11/29/05
Carleton’s Energy Future:
Musings from Laurel Bradley
Writing from a visual arts perspective
As a visual arts professional, I was initially confounded by the assignment to write on “how would you think about and explore Carleton’s energy future?” But then I began to imaginatively project ahead to a future day when Carleton has devised programs and structures which effectively embody a conservation ethos. And I wondered: how will this important commitment be evident? What strategies will Carleton employ to render progress visible in a campaign for a more energy efficient campus? I think that ART and other visual and visible signs and symbols may be the answer!

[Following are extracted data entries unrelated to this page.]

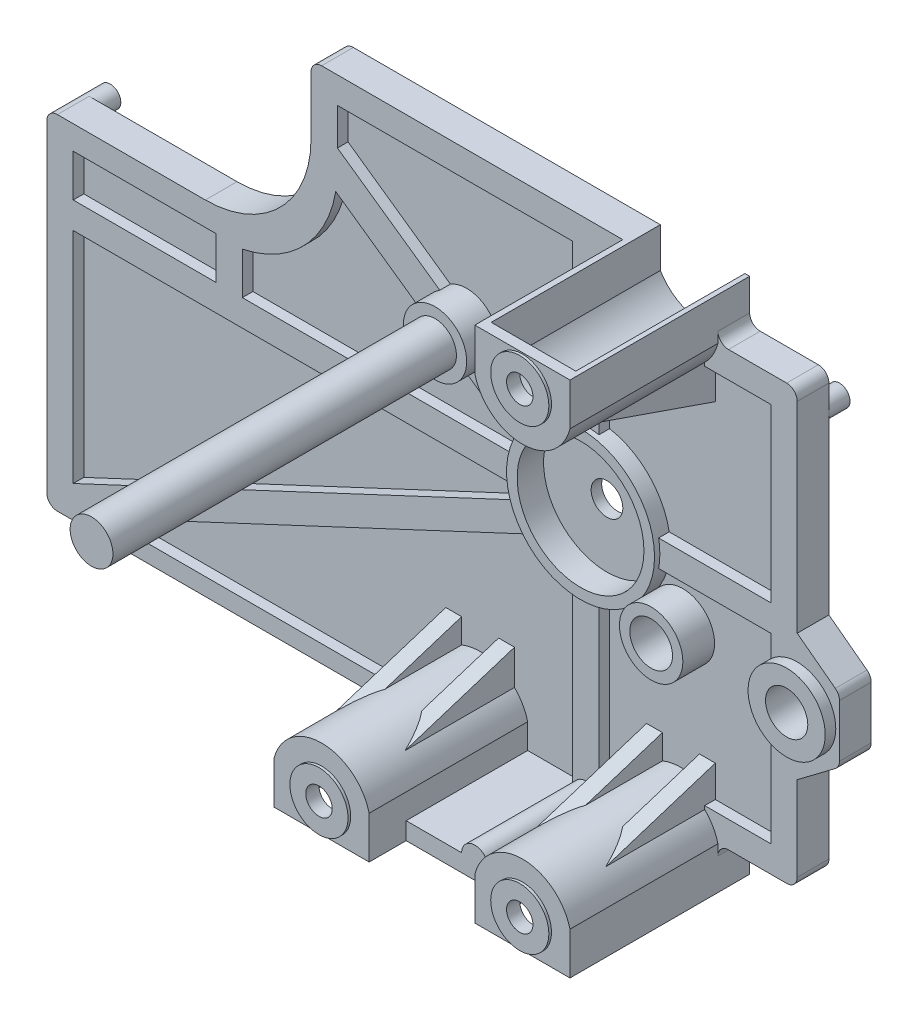
SolidWorks part; units mm, degrees
ref_plane "Alzado" through (0, 0, 0) normal (0, 0, 1) x (1, 0, 0)
ref_plane "Planta" through (0, 0, 0) normal (0, 1, 0) x (1, 0, 0)
ref_plane "Vista lateral" through (0, 0, 0) normal (1, 0, 0) x (0, 0, -1)
sketch "Croquis3" plane through (0, 0, 0) normal (0, 0, 1) x (1, 0, 0)
  line L0 (48.7233, -56.2221) -> (48.7233, -50.2221)
  line L1 (-26.2767, 41.7779) -> (48.7233, 41.7779)
  line L2 (-78.2767, 6.7779) -> (-78.2767, -54.2221)
  line L3 (-76.2767, -56.2221) -> (48.7233, -56.2221)
  line L4 (71.7233, -13.2477) -> (71.7233, -23.1965)
  line L5 (50.7233, -48.2221) -> (61.7233, -48.2221)
  line L6 (63.7233, -46.2221) -> (63.7233, -30.2221)
  line L7 (48.7233, 41.7779) -> (48.7233, 35.7779)
  line L8 (50.7233, 33.7779) -> (61.7233, 33.7779)
  line L9 (63.7233, 31.7779) -> (63.7233, -6.2221)
  line L10 (63.7233, -6.2221) -> (70.9269, -11.6504)
  line L11 (63.7233, -30.2221) -> (70.9269, -24.7938)
  line L12 (-76.2767, 8.7779) -> (-48.2767, 8.7779)
  line L13 (-28.2767, 28.7779) -> (-28.2767, 39.7779)
  arc A0 (-28.2767, 28.7779) -> (-48.2767, 8.7779) centre (-48.2767, 28.7779) cw
  arc A1 (48.7233, 35.7779) -> (50.7233, 33.7779) centre (50.7233, 35.7779) ccw
  arc A2 (48.7233, -50.2221) -> (50.7233, -48.2221) centre (50.7233, -50.2221) cw
  arc A3 (71.7233, -23.1965) -> (70.9269, -24.7938) centre (69.7233, -23.1965) cw
  arc A4 (71.7233, -13.2477) -> (70.9269, -11.6504) centre (69.7233, -13.2477) ccw
  arc A5 (-78.2767, -54.2221) -> (-76.2767, -56.2221) centre (-76.2767, -54.2221) ccw
  arc A6 (-28.2767, 39.7779) -> (-26.2767, 41.7779) centre (-26.2767, 39.7779) cw
  arc A7 (61.7233, 33.7779) -> (63.7233, 31.7779) centre (61.7233, 31.7779) cw
  arc A8 (61.7233, -48.2221) -> (63.7233, -46.2221) centre (61.7233, -46.2221) ccw
  arc A9 (-78.2767, 6.7779) -> (-76.2767, 8.7779) centre (-76.2767, 6.7779) cw
  point P3 (48.7233, 33.7779)
  point P4 (48.7233, -56.2221)
  point P12 (-78.2767, 8.7779)
  point P21 (-28.2767, 8.7779)
  point P24 (48.7233, -48.2221)
  point P35 (63.7233, 33.7779)
  point P38 (63.7233, -48.2221)
  point P41 (-78.2767, 8.7779)
  dimension "D13" = 20
  dimension "D2" = 2
  dimension "D3" = 2
  dimension "D14" = 2
  dimension "D15" = 2
  dimension "D16" = 2
  dimension "D17" = 2
  dimension "D4" = 8
  dimension "D5" = 15
  dimension "D6" = 8
  dimension "D7" = 18
  dimension "D8" = 40
  dimension "D9" = 127
  dimension "D10" = 127
  dimension "D11" = 65
  dimension "D12" = 50
extrude "Saliente-Extruir1" add sketch "Croquis3" along normal mid plane 6
sketch "Croquis4" plane through (0, 0, 3) normal (0, 0, 1) x (1, 0, 0)
  line L0 (48.7233, 41.7779) -> (-26.2767, 41.7779) construction
  line L1 (48.7233, 35.7779) -> (48.7233, 41.7779) construction
  line L2 (30.7233, 41.7779) -> (30.7233, 33.7779)
  line L3 (48.7233, 41.7779) -> (48.7233, 33.7779)
  line L4 (30.7233, 41.7779) -> (48.7233, 41.7779)
  line L5 (39.7233, 41.7779) -> (39.7233, 22.7837) construction
  line L6 (39.7233, 33.7779) -> (48.7233, 33.7779) construction
  line L7 (48.7233, -56.2221) -> (48.7233, -48.2221)
  line L8 (48.7233, -56.2221) -> (30.7233, -56.2221)
  line L9 (-76.2767, -56.2221) -> (48.7233, -56.2221) construction
  line L10 (30.7233, -56.2221) -> (30.7233, -48.2221)
  line L11 (10.7233, -56.2221) -> (10.7233, -48.2221)
  line L12 (-7.2767, -56.2221) -> (-7.2767, -48.2221)
  line L13 (10.7233, -56.2221) -> (-7.2767, -56.2221)
  line L14 (1.7233, -41.2045) -> (39.7233, -41.2045) construction
  arc A0 (30.7233, 33.7779) -> (48.7233, 33.7779) centre (39.7233, 36.0403) ccw
  arc A1 (30.7233, -48.2221) -> (48.7233, -48.2221) centre (39.7233, -50.4845) cw
  arc A2 (-7.2767, -48.2221) -> (10.7233, -48.2221) centre (1.7233, -50.4845) cw
  point P0 (30.7233, 41.7779)
  point P11 (39.7233, 41.7779)
  point P15 (39.7233, 26.7779)
  dimension "D3" = 15
  dimension "D4" = 9.28
  dimension "D8" = 9.28
  dimension "D11" = 9.28
  dimension "D1" = 18
  dimension "D2" = 8
  dimension "D5" = 8
  dimension "D6" = 8
  dimension "D7" = 18
  dimension "D9" = 18
  dimension "D10" = 20
extrude "Saliente-Extruir2" add sketch "Croquis4" along normal blind 28
sketch "Croquis5" plane through (0, 0, 3) normal (0, 0, 1) x (1, 0, 0)
  line L0 (10.7233, -56.2221) -> (10.7233, -52.9396)
  line L1 (10.7233, -56.2221) -> (10.7233, -48.2221) construction
  line L2 (10.7233, -52.9396) -> (21.2233, -52.9396)
  line L3 (30.7233, -48.2221) -> (30.7233, -56.2221) construction
  line L4 (30.7233, -52.9396) -> (30.7233, -56.2221)
  line L5 (30.7233, -56.2221) -> (10.7233, -56.2221)
  line L6 (26.2233, -52.9396) -> (30.7233, -52.9396)
  arc A0 (26.2233, -52.9396) -> (21.2233, -52.9396) centre (23.7233, -52.9396) ccw
  point P10 (23.7233, -52.9396)
  dimension "D1" = 13
extrude "Saliente-Extruir3" add sketch "Croquis5" along normal blind 21
sketch "Croquis7" plane through (0, 0, 3) normal (0, 0, 1) x (1, 0, 0)
  line L0 (-73.2767, -8.7221) -> (-73.2767, -50.1795)
  line L1 (-73.2767, 4.2779) -> (-46.2767, 4.2779)
  line L2 (-73.2767, 4.2779) -> (-73.2767, -3.7221)
  line L3 (-73.2767, -3.7221) -> (-46.2767, -3.7221)
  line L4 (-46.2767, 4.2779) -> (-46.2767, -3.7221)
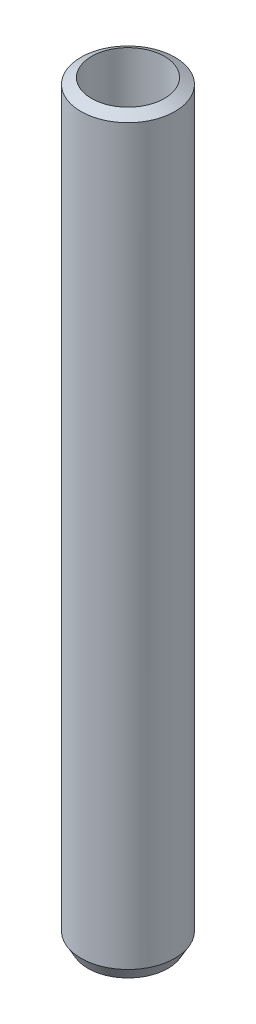
SolidWorks part; units mm, degrees
ref_plane "Front Plane" through (0, 0, 0) normal (0, 0, 1) x (1, 0, 0)
ref_plane "Top Plane" through (0, 0, 0) normal (0, 1, 0) x (1, 0, 0)
ref_plane "Right Plane" through (0, 0, 0) normal (1, 0, 0) x (0, 0, -1)
sketch "Sketch1" plane through (0, 0, 0) normal (0, 1, 0) x (1, 0, 0)
  circle A0 centre (0, 0) radius 37.5
  dimension "SHAFT_OD" = 75
extrude "Boss-Extrude1" add sketch "Sketch1" along normal blind 600
sketch "Sketch2" plane through (0, 0, 0) normal (0, 1, 0) x (1, 0, 0)
  circle A0 centre (0, 0) radius 29.0903
  dimension "BORE_D" = 58.1806
extrude "Cut-Extrude1" cut sketch "Sketch2" along normal through all
chamfer "Chamfer1" distance 5.5857 angle 60.37 2 edges at (0, 600, 37.5) (0, 0, 37.5) first distance on face at (0, 600, 37.5) first distance on face at (0, 0, 29.0903)

Let’s say that ten years hence, Carleton has progressed along the road to great energy efficiency, and inaugurated innovative recycling and other “environmentally positive” programs. Carleton can boast of a new “green dormitory,” an exemplary composting system; more efficiency thermostatic controls; multiple “green roofs,” and more (I’m hoping others can help extend this list!). How will the public, including students, faculty, staff and visitors come to recognize and appreciate Carleton’s positive achievements in the energy arena? Conventionally, the college employs signage with verbal texts to tell its stories – for example, signs about restoring the Oak Savannah in the Arboretum. And press releases, which elicit attention when a project is finished or underway but do not help call attention to an on-going feature or program.
I propose that art could play a very powerful role in bringing attention to the various components of a “positive energy” program. Attracting attention is the first step in a process of continuing education, which should be integral to all projects and structures by which Carleton becomes more “green” and energy efficient. Art, by rendering processes, and ideas visible, will transform campus features into symbols of positive energy policy. These symbols will stimulate on-going teaching opportunities.
Exactly what role do I imagine artists will play? Effective signage and beyond. Way beyond. Modern art is not about making pretty pictures, or impressive monuments. Rather, modern art is about raising questions, and calling attention to process. Artists today are some of the most effective “out of the box” thinkers, who create visible and physical embodiments of complex problems. They can experiment with materials, respond to processes which add symbolic resonance to a place, a structure, a situation.
My slightly utopian vision brings an artist/artists into the mix – designing aesthetically pleasing/arresting configurations in/on the “green” roofs; adding a “performance” dimension to on-going processes/projects, and as complements to inauguration and Public Relations activities; bring in a sculptor to create way-stations around campus which dramatize significant locations or nodes of activity/significant process; collaborating with architects and craftsmen in highlighting the use of re-cycled materials and locally harvested materials; use an architect/designer to enhance the look and feel of up-coming hay bale structures (good design can advance an environmentalist/energy efficient agenda as effectively as some other tools).
Let’s add art to the mix when strategizing about the communication component of a successful energy policy and set of practices.